À l’issue d’une réunion du National Wage Consultative Council (NWCC), hier, les syndicalistes n’affichaient pas la satisfaction. Pour le président de la Fédération des Syndicats du Secteur public et de la All Employees Confederation, Rashid Imrith, « le problème reste entier car il y a eu divergence autour du montant du salaire minimum ». Si selon lui, le salaire minimum ne devrait pas être en dessous de Rs 10 000, le président du Conseil des Syndicats, Dewan Quedou, estime qu’il devrait se situer entre Rs 11 000 et Rs 12 000. Beejaye Appanna indique pour sa part que « les diverses options sont toujours à l’étude ; le rapport devrait être soumis au GM fin octobre ».

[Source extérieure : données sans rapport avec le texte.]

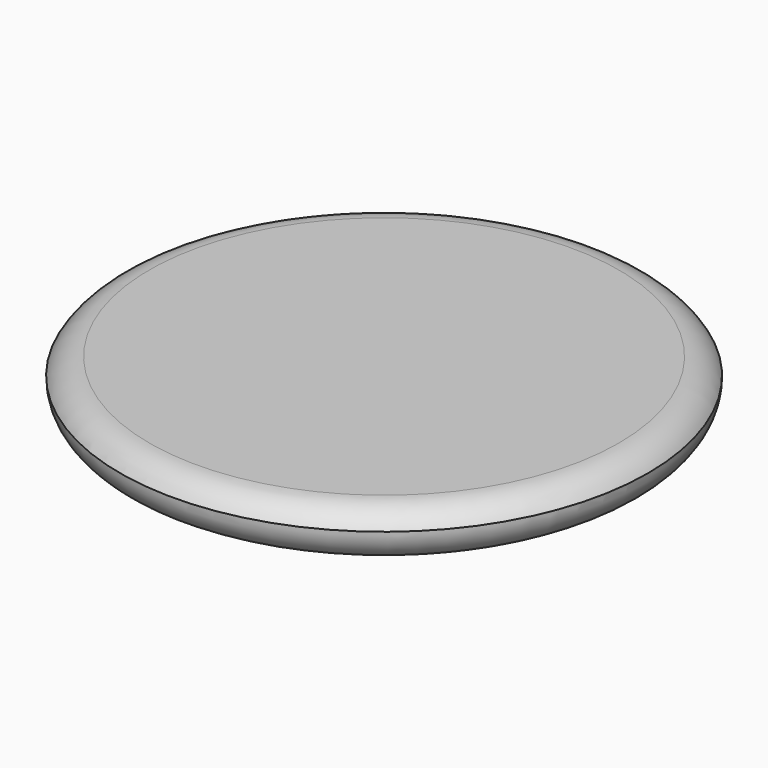
from build123d import *

# Parameters (mm, degrees)
F0_R     = 15.6
F0_R_2   = 5.6
F0_R_3   = 3.9
F1_DEPTH = 3
F2_DEPTH = 4
F3_DEPTH = 8
F4_R     = 2


# Not quite as in the source:
# - a fillet or chamfer that OpenCascade refuses, or shapes differently, is made with other operations: its cross-section is extruded or revolved along the edge and cut away or added


with BuildPart() as f1:
    # F0 (on Top) → F1 (new body)
    with BuildSketch(Plane.XY):
        Circle(F0_R)
        Circle(F0_R_2, mode=Mode.SUBTRACT)
        Circle(F0_R_2)
        Circle(F0_R_3, mode=Mode.SUBTRACT)
        Circle(F0_R_3)
    extrude(amount=-F1_DEPTH)

    # F0 (on Top) → F2 (join)
    with BuildSketch(Plane.XY):
        Circle(F0_R_2)
        Circle(F0_R_3, mode=Mode.SUBTRACT)
        Circle(F0_R_3)
    extrude(amount=-F2_DEPTH)

    # F0 (on Top) → F3 (join)
    with BuildSketch(Plane.XY):
        Circle(F0_R_3)
    extrude(amount=-F3_DEPTH)

    # F4
    f4_edges = [f1.edges().sort_by_distance(p)[0] for p in [
        (-15.6, 0, -3),
    ]]
    fillet(f4_edges, radius=F4_R)

    # F5: fillet of radius 2 on 1 edges, made by hand

    # F5_s1 → F5_t2 (revolve, cut)
    with BuildSketch(Plane.XZ):
        with BuildLine():
            ThreePointArc((15.6, -1), (14.8679491924, -0.2679491924), (13.8679491924, 0))
            Line((13.8679491924, 0), (15.6, 0))
            Line((15.6, 0), (15.6, -1))
        make_face()
    revolve(axis=Axis((0, 0, 0), (0, 0, 1)), mode=Mode.SUBTRACT)


solid = f1.part

« Depuis le début des travaux, le directeur du NWCC a parlé de Rs 8 000 à Rs 8 500 et les sous-comités ont eu comme directive de travailler sur ces chiffres. Tout indique qu’on va vers ce montant », estime-t-il. Pour le président de la All Employees Confederation, « le salaire minimum ne devrait pas être de moins de Rs 10 000. D’après la National Wage Consultative Act, il nous faut prendre une fraction du salaire médian pour obtenir un salaire minimum. Or, d’après le Bureau des Statistiques, à décembre 2016, le salaire médian était de Rs 12 500. La loi veut qu’on prenne un pourcentage de ce salaire médian mais elle ne précise pas quel pourcentage. Nous, nous avons pris 80 % de Rs 12 500, qui nous fait Rs 10 000. Et, nous n’avons pas tort car Pravind Jugnauth a introduit dans le dernier Budget le concept de Negative Income Tax où l’État viendra en aide à tout employé qui perçoit moins de Rs 10 000. C’est un soutien qui prendra effet à partir de 2018 et le salaire de ceux qui perçoivent moins de Rs 10 000 en sera rapproché ». Rashid Imrith observe d’autre part que « les patrons n’ont jusqu’ici avancé aucun chiffre qu’ils pourront payer à leurs employés ».
Il avance que les deux sous-comités du NWCC, soit Pay Component et Finance and Economic Issues, « travaillent d’après le chiffre de Rs 8 500 ». Il regrette qu’un consensus n’ait pu être atteint hier lors de la réunion du NWCC. « Le directeur du NWCC laisse voir que le chiffre de Rs 8 500 est hypothétique, mais on aurait dû travailler sur un autre chiffre hypothétique de Rs 10 000. Si le salaire minimum est de Rs 8 500, une personne qui touche Rs 8 500 n’aura rien. Nous ne sommes pas d’accord que les bonus d’un employé soient intégrés dans son salaire. Il faut se baser seulement sur le salaire recommandé, par exemple Rs 6 000 ou Rs 7 000, sans les bonus ».
Autre point soulevé par les syndicalistes hier : un décalage qui sera engendré suite à l’introduction du salaire minimum. Rashid Imrith est d’avis qu’il importe de revoir tous les salaires des employés après l’introduction du salaire minimum car « il y aura un décalage dans la relativité entre celui qui touchait par exemple Rs 6 000 et celui qui a plus de responsabilité et qui touchait Rs 11 000. Si le premier touche Rs 10 000 après le salaire minimum, le second touchera toujours Rs 11 000 ».
De son côté, Dewan Quedou, président du MTUC, estime que le salaire minimum devrait se situer entre Rs 11 000 et Rs 12 000. « Le coût de la vie n’a cessé d’augmenter les cinq dernières années et le gouvernement n’a pas revu les salaires à 100 %. Au niveau du Conseil des Syndicats, nous étudierons la question cette semaine ».
Le directeur du NWCC, Beejaye Appana, indique que le comité est au stade de rédaction et que le rapport devrait être fin prêt fin octobre pour être remis au gouvernement. « Nous avons encore d’autres réunions et d’autres sous-comités. Nous travaillons d’arrache-pied ».